■ **DATASET EXCERPTS**
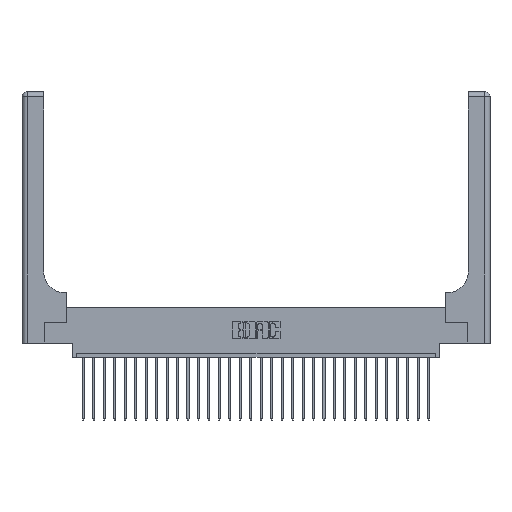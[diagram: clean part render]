
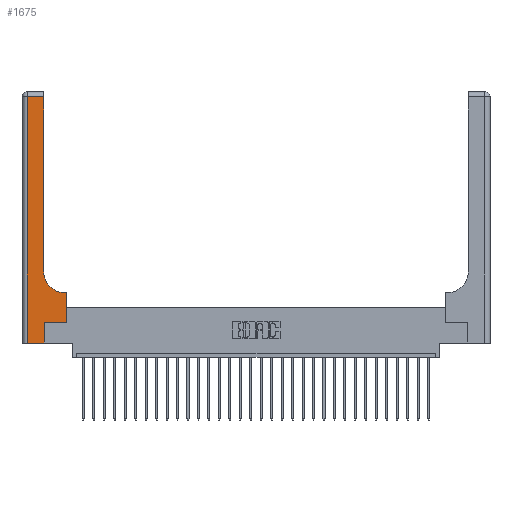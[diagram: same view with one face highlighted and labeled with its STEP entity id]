
A CAD part, top view. The second image highlights one B-rep face of the part: STEP entity #1675.
In plain terms, the highlighted planar face has unit normal (0, 0, 1).
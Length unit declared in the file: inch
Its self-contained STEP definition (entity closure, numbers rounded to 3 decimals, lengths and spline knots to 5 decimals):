
#44 = VECTOR ( 'NONE', #9920, 39.37008 ) ;
#161 = VERTEX_POINT ( 'NONE', #27315 ) ;
#297 = VERTEX_POINT ( 'NONE', #13289 ) ;
#362 = VERTEX_POINT ( 'NONE', #24438 ) ;
#950 = EDGE_CURVE ( 'NONE', #11667, #362, #1786, .T. ) ;
#1183 = CARTESIAN_POINT ( 'NONE',  ( 0.06, 2.94, 0.37 ) ) ;
#1437 = ORIENTED_EDGE ( 'NONE', *, *, #2780, .T. ) ;
#1675 = ADVANCED_FACE ( 'NONE', ( #23793 ), #25777, .F. ) ;
#1786 = LINE ( 'NONE', #19025, #22937 ) ;
#1894 = CARTESIAN_POINT ( 'NONE',  ( 0.528, 0.25, 0.37 ) ) ;
#2344 = AXIS2_PLACEMENT_3D ( 'NONE', #9279, #4876, #13358 ) ;
#2352 = ORIENTED_EDGE ( 'NONE', *, *, #20565, .T. ) ;
#2780 = EDGE_CURVE ( 'NONE', #6324, #297, #20846, .T. ) ;
#3284 = ORIENTED_EDGE ( 'NONE', *, *, #20855, .T. ) ;
#3690 = EDGE_CURVE ( 'NONE', #22266, #11667, #27009, .T. ) ;
#3959 = EDGE_CURVE ( 'NONE', #297, #25636, #18489, .T. ) ;
#4511 = ORIENTED_EDGE ( 'NONE', *, *, #3690, .T. ) ;
#4516 = EDGE_CURVE ( 'NONE', #25636, #18279, #4600, .T. ) ;
#4600 = CIRCLE ( 'NONE', #2344, 0.25 ) ;
#4876 = DIRECTION ( 'NONE',  ( 0., 0., -1. ) ) ;
#5990 = VECTOR ( 'NONE', #16890, 39.37008 ) ;
#6071 = VERTEX_POINT ( 'NONE', #1183 ) ;
#6324 = VERTEX_POINT ( 'NONE', #26620 ) ;
#6404 = VECTOR ( 'NONE', #17416, 39.37008 ) ;
#8285 = CARTESIAN_POINT ( 'NONE',  ( 0., 2.94, 0.37 ) ) ;
#9279 = CARTESIAN_POINT ( 'NONE',  ( 0.51, 0.85, 0.37 ) ) ;
#9715 = EDGE_LOOP ( 'NONE', ( #3284, #11182, #25624, #4511, #14794, #2352, #1437, #13233, #12223 ) ) ;
#9920 = DIRECTION ( 'NONE',  ( 1., 0., 0. ) ) ;
#11182 = ORIENTED_EDGE ( 'NONE', *, *, #23407, .T. ) ;
#11667 = VERTEX_POINT ( 'NONE', #22651 ) ;
#12223 = ORIENTED_EDGE ( 'NONE', *, *, #4516, .T. ) ;
#12565 = DIRECTION ( 'NONE',  ( 0., -1., 0. ) ) ;
#13233 = ORIENTED_EDGE ( 'NONE', *, *, #3959, .T. ) ;
#13289 = CARTESIAN_POINT ( 'NONE',  ( 0.528, 0.6, 0.37 ) ) ;
#13358 = DIRECTION ( 'NONE',  ( 1., 0., 0. ) ) ;
#13778 = CARTESIAN_POINT ( 'NONE',  ( 0.265, 0.25, 0.37 ) ) ;
#14794 = ORIENTED_EDGE ( 'NONE', *, *, #950, .T. ) ;
#14811 = AXIS2_PLACEMENT_3D ( 'NONE', #17012, #15165, #25638 ) ;
#14815 = CARTESIAN_POINT ( 'NONE',  ( 0.06, 3., 0.37 ) ) ;
#14893 = CARTESIAN_POINT ( 'NONE',  ( 0.26, 3., 0.37 ) ) ;
#15161 = LINE ( 'NONE', #14893, #6404 ) ;
#15165 = DIRECTION ( 'NONE',  ( 0., 0., -1. ) ) ;
#15745 = LINE ( 'NONE', #13778, #25806 ) ;
#16657 = CARTESIAN_POINT ( 'NONE',  ( 0.51, 0.6, 0.37 ) ) ;
#16890 = DIRECTION ( 'NONE',  ( -1., 0., 0. ) ) ;
#17012 = CARTESIAN_POINT ( 'NONE',  ( 0., 3., 0.37 ) ) ;
#17416 = DIRECTION ( 'NONE',  ( 0., 1., 0. ) ) ;
#17844 = VECTOR ( 'NONE', #12565, 39.37008 ) ;
#17869 = DIRECTION ( 'NONE',  ( 1., 0., 0. ) ) ;
#18279 = VERTEX_POINT ( 'NONE', #21144 ) ;
#18489 = LINE ( 'NONE', #25140, #27173 ) ;
#19008 = LINE ( 'NONE', #8285, #5990 ) ;
#19025 = CARTESIAN_POINT ( 'NONE',  ( 0.265, 0., 0.37 ) ) ;
#20565 = EDGE_CURVE ( 'NONE', #362, #6324, #15745, .T. ) ;
#20846 = LINE ( 'NONE', #1894, #27099 ) ;
#20855 = EDGE_CURVE ( 'NONE', #18279, #161, #15161, .T. ) ;
#21144 = CARTESIAN_POINT ( 'NONE',  ( 0.26, 0.85, 0.37 ) ) ;
#21267 = DIRECTION ( 'NONE',  ( 0., 1., 0. ) ) ;
#22266 = VERTEX_POINT ( 'NONE', #23354 ) ;
#22651 = CARTESIAN_POINT ( 'NONE',  ( 0.265, 0., 0.37 ) ) ;
#22937 = VECTOR ( 'NONE', #27383, 39.37008 ) ;
#23354 = CARTESIAN_POINT ( 'NONE',  ( 0.06, 0., 0.37 ) ) ;
#23407 = EDGE_CURVE ( 'NONE', #161, #6071, #19008, .T. ) ;
#23722 = LINE ( 'NONE', #14815, #17844 ) ;
#23793 = FACE_OUTER_BOUND ( 'NONE', #9715, .T. ) ;
#24438 = CARTESIAN_POINT ( 'NONE',  ( 0.265, 0.25, 0.37 ) ) ;
#25140 = CARTESIAN_POINT ( 'NONE',  ( 0.26, 0.6, 0.37 ) ) ;
#25624 = ORIENTED_EDGE ( 'NONE', *, *, #26942, .T. ) ;
#25636 = VERTEX_POINT ( 'NONE', #16657 ) ;
#25638 = DIRECTION ( 'NONE',  ( -1., 0., 0. ) ) ;
#25777 = PLANE ( 'NONE',  #14811 ) ;
#25806 = VECTOR ( 'NONE', #17869, 39.37008 ) ;
#26620 = CARTESIAN_POINT ( 'NONE',  ( 0.528, 0.25, 0.37 ) ) ;
#26875 = CARTESIAN_POINT ( 'NONE',  ( 0., 0., 0.37 ) ) ;
#26942 = EDGE_CURVE ( 'NONE', #6071, #22266, #23722, .T. ) ;
#27009 = LINE ( 'NONE', #26875, #44 ) ;
#27099 = VECTOR ( 'NONE', #21267, 39.37008 ) ;
#27129 = DIRECTION ( 'NONE',  ( -1., 0., 0. ) ) ;
#27173 = VECTOR ( 'NONE', #27129, 39.37008 ) ;
#27315 = CARTESIAN_POINT ( 'NONE',  ( 0.26, 2.94, 0.37 ) ) ;
#27383 = DIRECTION ( 'NONE',  ( 0., 1., 0. ) ) ;

■ **THE TASK**
Would you output only the span of the records above that opens with the line containing "[diagram: same view" and closes with the line containing "#950 = EDGE_CURVE", ends included and pictures dropped?

■ **OUTPUT OF THE EXERCISE**
[diagram: same view with one face highlighted and labeled with its STEP entity id]
A CAD part, top view. The second image highlights one B-rep face of the part: STEP entity #1675.
In plain terms, the highlighted planar face has unit normal (0, 0, 1).
Length unit declared in the file: inch
Its self-contained STEP definition (entity closure, numbers rounded to 3 decimals, lengths and spline knots to 5 decimals):
#44 = VECTOR ( 'NONE', #9920, 39.37008 ) ;
#161 = VERTEX_POINT ( 'NONE', #27315 ) ;
#297 = VERTEX_POINT ( 'NONE', #13289 ) ;
#362 = VERTEX_POINT ( 'NONE', #24438 ) ;
#950 = EDGE_CURVE ( 'NONE', #11667, #362, #1786, .T. ) ;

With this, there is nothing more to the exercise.